Javier Balboa

Personal information
- Full name: Javier Ángel Balboa Osa
- Date of birth: 13 May 1985 (age 41)
- Place of birth: Madrid, Spain
- Height: 1.82 m (6 ft 0 in)
- Position: Winger

Youth career
- 1992–1996: CD Avance
- 1996–1999: Alcalá
- 1999–2004: Real Madrid

Senior career*
- Years: Team / Apps / (Gls)
- 2004–2005: Real Madrid C / 34 / (1)
- 2005–2006: Real Madrid B / 32 / (1)
- 2006–2008: Real Madrid / 7 / (0)
- 2006–2007: → Racing Santander (loan) / 30 / (1)
- 2008–2011: Benfica / 10 / (0)
- 2010: → Cartagena (loan) / 11 / (0)
- 2011: → Albacete (loan) / 7 / (0)
- 2011–2013: Beira-Mar / 46 / (8)
- 2013–2015: Estoril / 41 / (5)
- 2015–2016: Al-Faisaly / 24 / (8)
- 2016–2017: Chabab Rif / 7 / (2)
- 2017: Trikala / 15 / (2)
- Total:  / 264 / (28)

International career
- 2007–2017: Equatorial Guinea / 32 / (5)

= Javi Balboa =

Equatoguinean footballer (born 1985)

Javier Ángel Balboa Osa (born 13 May 1985) is a former professional footballer who played as a winger, most notably for Real Madrid and Benfica.

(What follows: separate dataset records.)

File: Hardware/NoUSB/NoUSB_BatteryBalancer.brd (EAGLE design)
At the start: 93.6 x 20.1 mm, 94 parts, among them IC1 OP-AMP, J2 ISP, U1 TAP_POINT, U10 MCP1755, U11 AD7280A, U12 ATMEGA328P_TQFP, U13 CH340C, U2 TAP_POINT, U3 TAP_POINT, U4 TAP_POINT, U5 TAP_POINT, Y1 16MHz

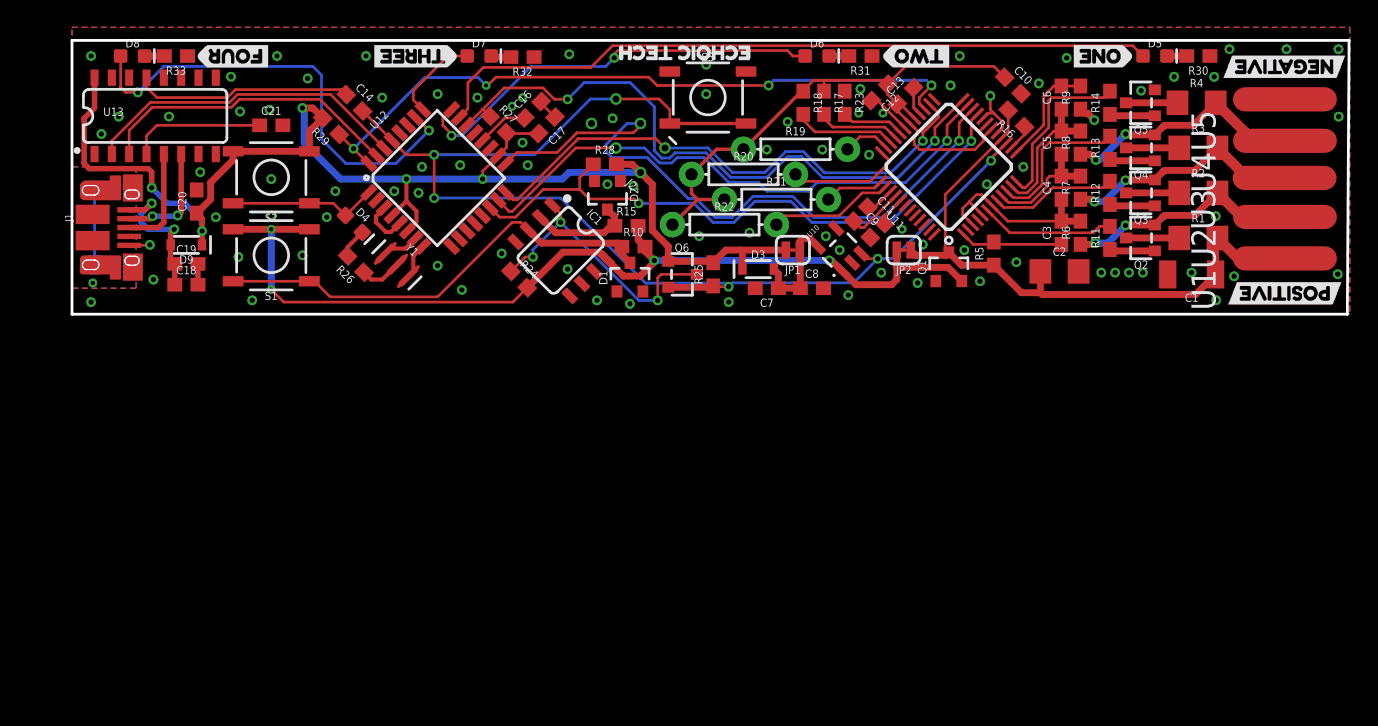
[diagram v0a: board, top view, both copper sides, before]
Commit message: Panelized and ordered test board
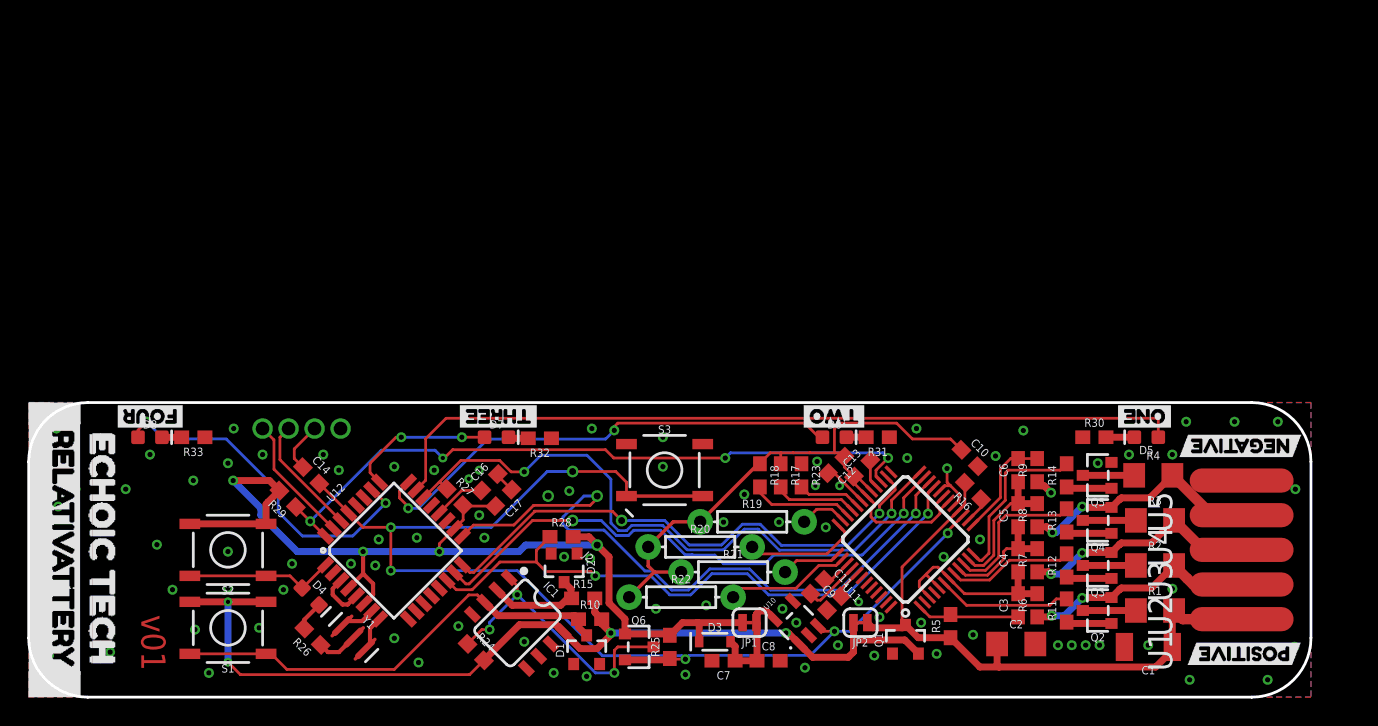
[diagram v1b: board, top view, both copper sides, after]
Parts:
- removed C18, C20: 0.1uF, SparkFun-Capacitors:0603
- removed C19: 1.0uF, SparkFun-Capacitors:0603
- removed C21: 10nF, SparkFun-Capacitors:0603
- removed D9: 3A/10V/280mV, SparkFun-DiscreteSemi:SOD-323
- removed J1: (no value), SparkFun-Connectors:USB-MICROB-PTH-MILL
- removed U13: CH340C, SparkFun-IC-Comms:SO016
- added U$9: (no value), buzzard_labels_echoic:ECHOIC_TECH4
- U$3: device buzzard_labels_0:ONE3 -> buzzard_labels_echoic:TWO2
- U$4: device buzzard_labels_0:TWO4 -> buzzard_labels_echoic:THREE3
- U$5: device buzzard_labels_0:THREE6 -> buzzard_labels_echoic:FOUR4
- U$6: device buzzard_labels_0:FOUR5 -> buzzard_labels_echoic:RELATIVATTERY5
- U$7: device buzzard_labels_0:ECHOIC_TECH7 -> buzzard_labels_echoic:ONE1
- moved U$7 40.4 mm to (87.4, 22.5)
- moved U$4 40.1 mm to (40.9, 22.5)
- moved U$5 32.9 mm to (15.0, 22.5)
- moved U$3 32.7 mm to (64.9, 22.5)
- moved U$6 30.3 mm to (5.71, 22.9), turned to 270 degrees
- moved R30 29.0 mm to (81.3, 21.0), turned to 0 degrees
- moved U5 28.1 mm to (92.1, 17.8)
- moved U$2 28.0 mm to (96.5, 20.3)
- moved D6 28.0 mm to (62.2, 21.0)
- moved D7 28.0 mm to (37.5, 21.0)
- moved R31 28.0 mm to (65.4, 21.0)
- moved R32 28.0 mm to (40.6, 20.9)
- moved D8 28.0 mm to (12.1, 21.0)
- moved R33 28.0 mm to (15.2, 21.0)
- moved D5 27.9 mm to (85.1, 21.0), turned to 180 degrees
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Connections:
- removed net D+: J1.D+, U13.5
- removed net D-: J1.D-, U13.6
- removed net N$38: C21.1, U13.4
- removed net SHLD: J1.SHIELD, J1.SHIELD10, J1.SHIELD2, J1.SHIELD3, J1.SHIELD4, J1.SHIELD5, J1.SHIELD6, J1.SHIELD7, J1.SHIELD8, J1.SHIELD9
- removed net USBVCC: C18.1, C19.1, D9.A, J1.VBUS
- net !DTR: no longer U13.13
- net GND: no longer C18.2, C19.2, C20.2, C21.2, J1.GND, U13.1
- net RX-I: no longer U13.2
- net TX-O: no longer U13.3
- net VCC: no longer C20.1, D9.C, U13.16
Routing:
- net VCC: track 97.6 -> 73.7 mm, vias 5 -> 3
- net RX-I: track 24.0 -> 8.87 mm, vias 0 -> 1
- net TX-O: track 22.5 -> 9.47 mm, vias 0 -> 1
- net !DTR: track 16.0 -> 3.71 mm, vias 0 -> 1
- net USBVCC: track 10.5 -> 0.00 mm, vias 2 -> 0
- net N$38: track 9.96 -> 0.00 mm
- net D-: track 8.26 -> 0.00 mm, vias 2 -> 0
- net LED4: track 33.9 -> 25.7 mm
- net D+: track 7.70 -> 0.00 mm
- net LED1: track 53.7 -> 59.7 mm
- net SHLD: track 5.46 -> 0.00 mm
- net LED2: track 31.3 -> 36.0 mm
- net LED3: track 6.68 -> 10.9 mm, vias 0 -> 2
- net GND: track 24.5 -> 21.5 mm, vias 89 -> 88
- net VREG: track 49.4 -> 52.0 mm
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- removed copper zone on layer 1, net SHLD
- removed copper zone on layer 16, net SHLD
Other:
- board size 93.6 x 20.1 mm -> 94 x 21.6 mm
- board text added: "v01"

After emerging at Real Madrid's youth system, he could never establish himself in its first team. In 2008 he signed with Benfica, being loaned several times over his contract and leaving three years later.

Born and raised in Spain to Equatorial Guinean parents, Balboa capped for the Equatorial Guinea national team at the 2012 and 2015 Africa Cup of Nations.

==Club career==
===Real Madrid===
Born in Madrid, Balboa arrived at Real Madrid Castilla in the summer of 2005. He eventually settled down, although he missed a part of their season due to first team duty; he still finished his first year with 32 games and one goal, in Segunda División.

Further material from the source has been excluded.